### TASK DETAILS
Note each line of the entries that includes "sRGB". Then copy those lines.

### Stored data
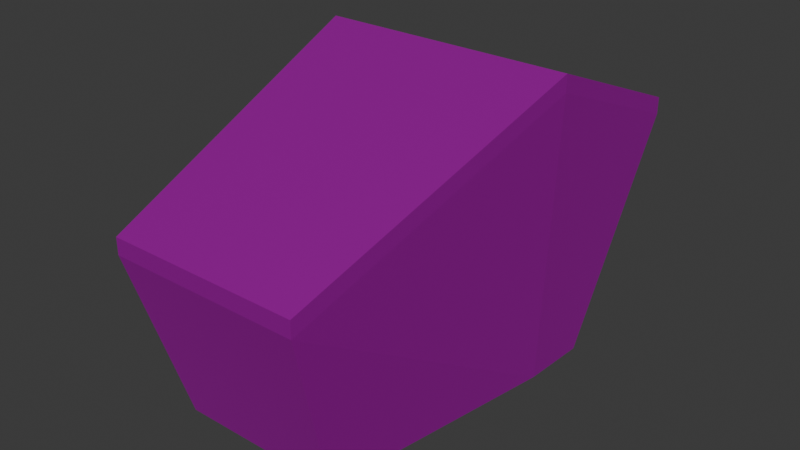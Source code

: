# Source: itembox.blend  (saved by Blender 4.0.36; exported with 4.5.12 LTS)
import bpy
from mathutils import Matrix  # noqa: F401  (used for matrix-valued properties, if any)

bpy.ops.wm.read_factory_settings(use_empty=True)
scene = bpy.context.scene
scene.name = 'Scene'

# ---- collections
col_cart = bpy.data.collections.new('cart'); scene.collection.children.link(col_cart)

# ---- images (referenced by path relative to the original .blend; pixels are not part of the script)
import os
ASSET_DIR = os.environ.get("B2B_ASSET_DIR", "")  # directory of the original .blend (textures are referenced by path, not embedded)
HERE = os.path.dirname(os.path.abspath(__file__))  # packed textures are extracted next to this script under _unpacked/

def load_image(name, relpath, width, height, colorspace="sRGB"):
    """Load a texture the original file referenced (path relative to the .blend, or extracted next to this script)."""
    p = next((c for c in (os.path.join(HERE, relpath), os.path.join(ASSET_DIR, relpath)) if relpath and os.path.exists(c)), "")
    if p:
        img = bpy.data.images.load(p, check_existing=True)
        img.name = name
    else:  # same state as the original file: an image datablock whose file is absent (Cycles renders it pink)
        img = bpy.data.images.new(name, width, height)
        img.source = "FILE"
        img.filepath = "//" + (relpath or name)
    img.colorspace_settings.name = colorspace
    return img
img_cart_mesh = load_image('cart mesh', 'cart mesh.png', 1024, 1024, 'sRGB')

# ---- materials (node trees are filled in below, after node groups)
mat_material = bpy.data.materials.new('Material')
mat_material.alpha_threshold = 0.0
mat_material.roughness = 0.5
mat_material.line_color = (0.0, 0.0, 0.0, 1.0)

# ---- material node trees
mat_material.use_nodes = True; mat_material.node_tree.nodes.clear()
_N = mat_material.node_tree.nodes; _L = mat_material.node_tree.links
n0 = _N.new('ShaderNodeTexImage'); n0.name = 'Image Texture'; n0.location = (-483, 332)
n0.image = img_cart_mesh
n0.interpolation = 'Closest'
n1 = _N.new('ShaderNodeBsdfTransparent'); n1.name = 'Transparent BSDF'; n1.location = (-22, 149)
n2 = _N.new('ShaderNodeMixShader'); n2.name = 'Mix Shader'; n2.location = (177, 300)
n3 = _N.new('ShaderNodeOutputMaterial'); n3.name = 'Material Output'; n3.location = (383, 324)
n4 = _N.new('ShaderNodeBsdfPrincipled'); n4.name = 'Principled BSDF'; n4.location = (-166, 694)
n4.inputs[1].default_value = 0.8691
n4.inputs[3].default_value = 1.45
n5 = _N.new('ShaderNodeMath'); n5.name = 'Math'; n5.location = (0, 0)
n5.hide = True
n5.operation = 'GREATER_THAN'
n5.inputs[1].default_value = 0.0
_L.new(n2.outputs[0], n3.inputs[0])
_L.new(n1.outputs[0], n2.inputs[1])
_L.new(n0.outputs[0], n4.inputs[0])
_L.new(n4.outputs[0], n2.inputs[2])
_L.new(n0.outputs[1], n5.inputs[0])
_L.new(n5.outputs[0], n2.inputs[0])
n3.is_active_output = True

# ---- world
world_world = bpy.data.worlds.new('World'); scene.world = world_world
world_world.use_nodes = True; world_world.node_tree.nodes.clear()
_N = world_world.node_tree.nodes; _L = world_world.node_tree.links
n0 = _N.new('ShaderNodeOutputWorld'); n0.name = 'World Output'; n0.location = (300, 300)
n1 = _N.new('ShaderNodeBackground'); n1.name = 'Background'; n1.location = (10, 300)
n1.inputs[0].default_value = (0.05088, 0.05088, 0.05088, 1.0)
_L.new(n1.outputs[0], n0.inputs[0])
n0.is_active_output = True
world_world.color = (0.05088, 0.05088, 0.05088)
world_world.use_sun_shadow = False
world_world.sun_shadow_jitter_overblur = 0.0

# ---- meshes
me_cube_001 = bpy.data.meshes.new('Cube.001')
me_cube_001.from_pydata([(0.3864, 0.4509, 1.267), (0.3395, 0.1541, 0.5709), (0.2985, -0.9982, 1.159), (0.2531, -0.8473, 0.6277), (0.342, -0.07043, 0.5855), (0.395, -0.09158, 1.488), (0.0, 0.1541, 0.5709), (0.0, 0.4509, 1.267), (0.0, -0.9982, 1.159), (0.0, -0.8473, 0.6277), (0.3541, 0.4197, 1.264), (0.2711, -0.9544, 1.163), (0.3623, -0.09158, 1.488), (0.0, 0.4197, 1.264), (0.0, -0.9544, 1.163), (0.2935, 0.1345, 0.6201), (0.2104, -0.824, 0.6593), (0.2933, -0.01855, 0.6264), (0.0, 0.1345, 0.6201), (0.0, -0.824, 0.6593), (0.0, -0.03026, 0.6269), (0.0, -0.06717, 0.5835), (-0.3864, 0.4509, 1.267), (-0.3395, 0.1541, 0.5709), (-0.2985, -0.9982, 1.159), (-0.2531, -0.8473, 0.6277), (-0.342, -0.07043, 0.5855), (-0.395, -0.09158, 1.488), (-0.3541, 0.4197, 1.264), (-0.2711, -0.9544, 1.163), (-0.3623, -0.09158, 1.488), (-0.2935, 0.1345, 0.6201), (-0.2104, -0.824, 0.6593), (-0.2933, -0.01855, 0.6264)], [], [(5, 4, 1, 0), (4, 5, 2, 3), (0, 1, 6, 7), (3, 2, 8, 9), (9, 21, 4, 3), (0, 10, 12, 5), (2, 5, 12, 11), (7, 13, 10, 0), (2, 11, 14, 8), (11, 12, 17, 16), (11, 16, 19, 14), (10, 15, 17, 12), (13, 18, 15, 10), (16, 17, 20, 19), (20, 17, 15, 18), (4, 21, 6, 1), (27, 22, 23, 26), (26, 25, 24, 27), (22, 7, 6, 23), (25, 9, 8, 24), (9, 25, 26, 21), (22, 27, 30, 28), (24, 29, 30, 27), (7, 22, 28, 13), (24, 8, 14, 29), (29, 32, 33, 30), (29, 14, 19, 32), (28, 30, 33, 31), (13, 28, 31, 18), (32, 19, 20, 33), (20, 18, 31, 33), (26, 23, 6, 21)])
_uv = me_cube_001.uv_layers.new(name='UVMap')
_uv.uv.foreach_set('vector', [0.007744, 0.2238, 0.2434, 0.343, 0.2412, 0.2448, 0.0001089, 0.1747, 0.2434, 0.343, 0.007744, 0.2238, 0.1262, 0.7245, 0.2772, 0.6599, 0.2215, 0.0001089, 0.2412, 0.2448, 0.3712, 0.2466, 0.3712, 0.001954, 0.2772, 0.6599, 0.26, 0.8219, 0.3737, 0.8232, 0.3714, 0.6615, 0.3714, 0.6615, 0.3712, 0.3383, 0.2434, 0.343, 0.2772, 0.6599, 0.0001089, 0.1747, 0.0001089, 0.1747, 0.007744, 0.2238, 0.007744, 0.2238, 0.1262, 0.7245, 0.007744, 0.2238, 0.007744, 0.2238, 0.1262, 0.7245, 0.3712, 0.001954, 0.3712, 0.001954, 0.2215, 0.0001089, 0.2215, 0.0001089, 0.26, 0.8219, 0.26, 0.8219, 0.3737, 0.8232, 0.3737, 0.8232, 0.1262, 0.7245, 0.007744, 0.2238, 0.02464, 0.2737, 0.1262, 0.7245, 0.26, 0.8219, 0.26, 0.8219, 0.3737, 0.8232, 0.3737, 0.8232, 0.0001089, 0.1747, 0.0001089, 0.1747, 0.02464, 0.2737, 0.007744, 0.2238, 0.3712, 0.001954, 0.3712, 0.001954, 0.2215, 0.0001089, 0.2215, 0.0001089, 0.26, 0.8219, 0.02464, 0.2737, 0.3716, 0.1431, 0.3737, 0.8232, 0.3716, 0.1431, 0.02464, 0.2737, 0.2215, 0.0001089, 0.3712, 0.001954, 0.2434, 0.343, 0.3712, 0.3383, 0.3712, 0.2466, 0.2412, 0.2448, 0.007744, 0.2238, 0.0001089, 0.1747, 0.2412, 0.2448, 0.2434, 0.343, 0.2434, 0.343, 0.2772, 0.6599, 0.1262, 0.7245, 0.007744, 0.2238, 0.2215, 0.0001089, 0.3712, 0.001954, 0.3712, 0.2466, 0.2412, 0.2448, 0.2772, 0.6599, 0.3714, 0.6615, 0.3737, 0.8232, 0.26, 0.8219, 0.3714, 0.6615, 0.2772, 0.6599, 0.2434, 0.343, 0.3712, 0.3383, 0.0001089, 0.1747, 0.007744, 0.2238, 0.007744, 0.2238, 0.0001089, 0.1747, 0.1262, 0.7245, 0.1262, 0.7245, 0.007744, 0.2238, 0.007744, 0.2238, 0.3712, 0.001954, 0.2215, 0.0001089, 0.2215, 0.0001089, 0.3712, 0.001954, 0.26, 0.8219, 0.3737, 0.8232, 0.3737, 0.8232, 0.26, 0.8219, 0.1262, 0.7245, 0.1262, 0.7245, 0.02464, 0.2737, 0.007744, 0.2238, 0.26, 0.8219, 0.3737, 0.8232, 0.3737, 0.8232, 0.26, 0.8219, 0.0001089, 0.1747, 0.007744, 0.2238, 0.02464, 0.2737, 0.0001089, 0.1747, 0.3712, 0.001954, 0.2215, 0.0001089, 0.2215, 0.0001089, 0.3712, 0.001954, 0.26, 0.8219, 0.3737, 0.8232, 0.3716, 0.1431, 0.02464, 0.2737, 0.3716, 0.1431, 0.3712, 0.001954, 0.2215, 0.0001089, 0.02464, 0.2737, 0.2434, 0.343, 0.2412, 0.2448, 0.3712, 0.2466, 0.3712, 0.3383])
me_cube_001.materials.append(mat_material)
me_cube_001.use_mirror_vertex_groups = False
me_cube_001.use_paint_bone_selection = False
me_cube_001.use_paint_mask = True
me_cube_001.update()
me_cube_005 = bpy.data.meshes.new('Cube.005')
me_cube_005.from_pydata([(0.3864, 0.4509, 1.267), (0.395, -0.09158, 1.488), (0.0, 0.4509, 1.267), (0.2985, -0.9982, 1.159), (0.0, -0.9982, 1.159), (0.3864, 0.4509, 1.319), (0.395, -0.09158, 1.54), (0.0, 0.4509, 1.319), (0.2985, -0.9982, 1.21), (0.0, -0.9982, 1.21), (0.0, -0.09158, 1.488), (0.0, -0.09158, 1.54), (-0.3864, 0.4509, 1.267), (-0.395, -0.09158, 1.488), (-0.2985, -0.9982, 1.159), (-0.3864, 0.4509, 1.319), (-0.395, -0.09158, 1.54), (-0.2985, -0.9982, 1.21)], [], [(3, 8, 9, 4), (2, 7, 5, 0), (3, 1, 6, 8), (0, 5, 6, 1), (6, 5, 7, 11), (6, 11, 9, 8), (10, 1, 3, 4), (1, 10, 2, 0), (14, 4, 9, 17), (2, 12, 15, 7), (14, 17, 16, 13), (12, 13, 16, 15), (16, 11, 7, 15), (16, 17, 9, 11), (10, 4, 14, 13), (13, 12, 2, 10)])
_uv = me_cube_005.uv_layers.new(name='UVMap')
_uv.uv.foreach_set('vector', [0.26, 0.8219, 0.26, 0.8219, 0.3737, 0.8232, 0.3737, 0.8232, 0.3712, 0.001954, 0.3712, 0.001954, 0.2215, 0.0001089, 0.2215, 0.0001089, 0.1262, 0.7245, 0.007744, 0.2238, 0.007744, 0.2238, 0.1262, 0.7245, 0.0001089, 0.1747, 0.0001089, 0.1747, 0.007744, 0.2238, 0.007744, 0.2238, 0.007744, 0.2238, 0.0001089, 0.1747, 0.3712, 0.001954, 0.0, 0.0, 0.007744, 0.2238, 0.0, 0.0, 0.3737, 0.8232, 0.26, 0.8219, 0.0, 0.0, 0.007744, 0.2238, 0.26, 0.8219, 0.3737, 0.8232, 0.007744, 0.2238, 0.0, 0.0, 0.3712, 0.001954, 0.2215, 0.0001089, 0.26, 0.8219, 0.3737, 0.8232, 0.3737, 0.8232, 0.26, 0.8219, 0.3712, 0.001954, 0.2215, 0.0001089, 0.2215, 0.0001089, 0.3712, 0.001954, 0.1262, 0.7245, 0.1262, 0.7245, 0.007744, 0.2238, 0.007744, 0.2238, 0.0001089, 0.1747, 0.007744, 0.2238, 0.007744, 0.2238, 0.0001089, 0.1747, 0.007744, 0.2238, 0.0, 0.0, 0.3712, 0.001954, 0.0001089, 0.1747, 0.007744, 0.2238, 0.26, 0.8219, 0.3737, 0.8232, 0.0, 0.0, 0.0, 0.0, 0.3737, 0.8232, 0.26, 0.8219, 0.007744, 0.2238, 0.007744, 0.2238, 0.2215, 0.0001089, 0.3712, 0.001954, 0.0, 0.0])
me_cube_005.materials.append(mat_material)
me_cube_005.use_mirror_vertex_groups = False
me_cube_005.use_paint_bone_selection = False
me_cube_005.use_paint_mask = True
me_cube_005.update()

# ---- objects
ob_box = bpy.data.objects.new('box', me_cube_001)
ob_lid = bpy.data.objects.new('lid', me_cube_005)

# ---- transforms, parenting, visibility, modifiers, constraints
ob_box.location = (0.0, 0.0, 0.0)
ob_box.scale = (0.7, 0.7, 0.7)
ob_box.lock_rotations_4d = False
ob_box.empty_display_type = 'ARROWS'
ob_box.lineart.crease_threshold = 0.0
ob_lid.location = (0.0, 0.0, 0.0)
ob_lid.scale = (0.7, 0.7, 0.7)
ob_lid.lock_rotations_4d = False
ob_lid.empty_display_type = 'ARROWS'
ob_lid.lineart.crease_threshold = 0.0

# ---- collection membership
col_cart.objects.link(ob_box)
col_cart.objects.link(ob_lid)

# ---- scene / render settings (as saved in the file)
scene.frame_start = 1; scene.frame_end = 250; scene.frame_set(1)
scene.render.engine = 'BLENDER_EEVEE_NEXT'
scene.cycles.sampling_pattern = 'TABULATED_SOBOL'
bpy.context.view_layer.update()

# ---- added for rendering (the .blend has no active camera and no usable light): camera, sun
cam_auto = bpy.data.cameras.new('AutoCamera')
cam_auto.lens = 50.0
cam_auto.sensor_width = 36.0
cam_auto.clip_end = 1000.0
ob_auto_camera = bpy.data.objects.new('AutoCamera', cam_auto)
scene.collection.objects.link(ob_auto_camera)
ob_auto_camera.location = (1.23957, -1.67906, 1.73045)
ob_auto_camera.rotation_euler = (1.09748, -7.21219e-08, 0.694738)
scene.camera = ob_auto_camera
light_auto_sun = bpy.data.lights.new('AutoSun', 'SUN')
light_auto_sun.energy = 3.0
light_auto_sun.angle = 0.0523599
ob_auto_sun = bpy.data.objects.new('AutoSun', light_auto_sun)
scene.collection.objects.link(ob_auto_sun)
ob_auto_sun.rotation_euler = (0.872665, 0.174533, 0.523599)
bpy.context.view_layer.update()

### TASK RESPONSE
def load_image(name, relpath, width, height, colorspace="sRGB"):
img_cart_mesh = load_image('cart mesh', 'cart mesh.png', 1024, 1024, 'sRGB')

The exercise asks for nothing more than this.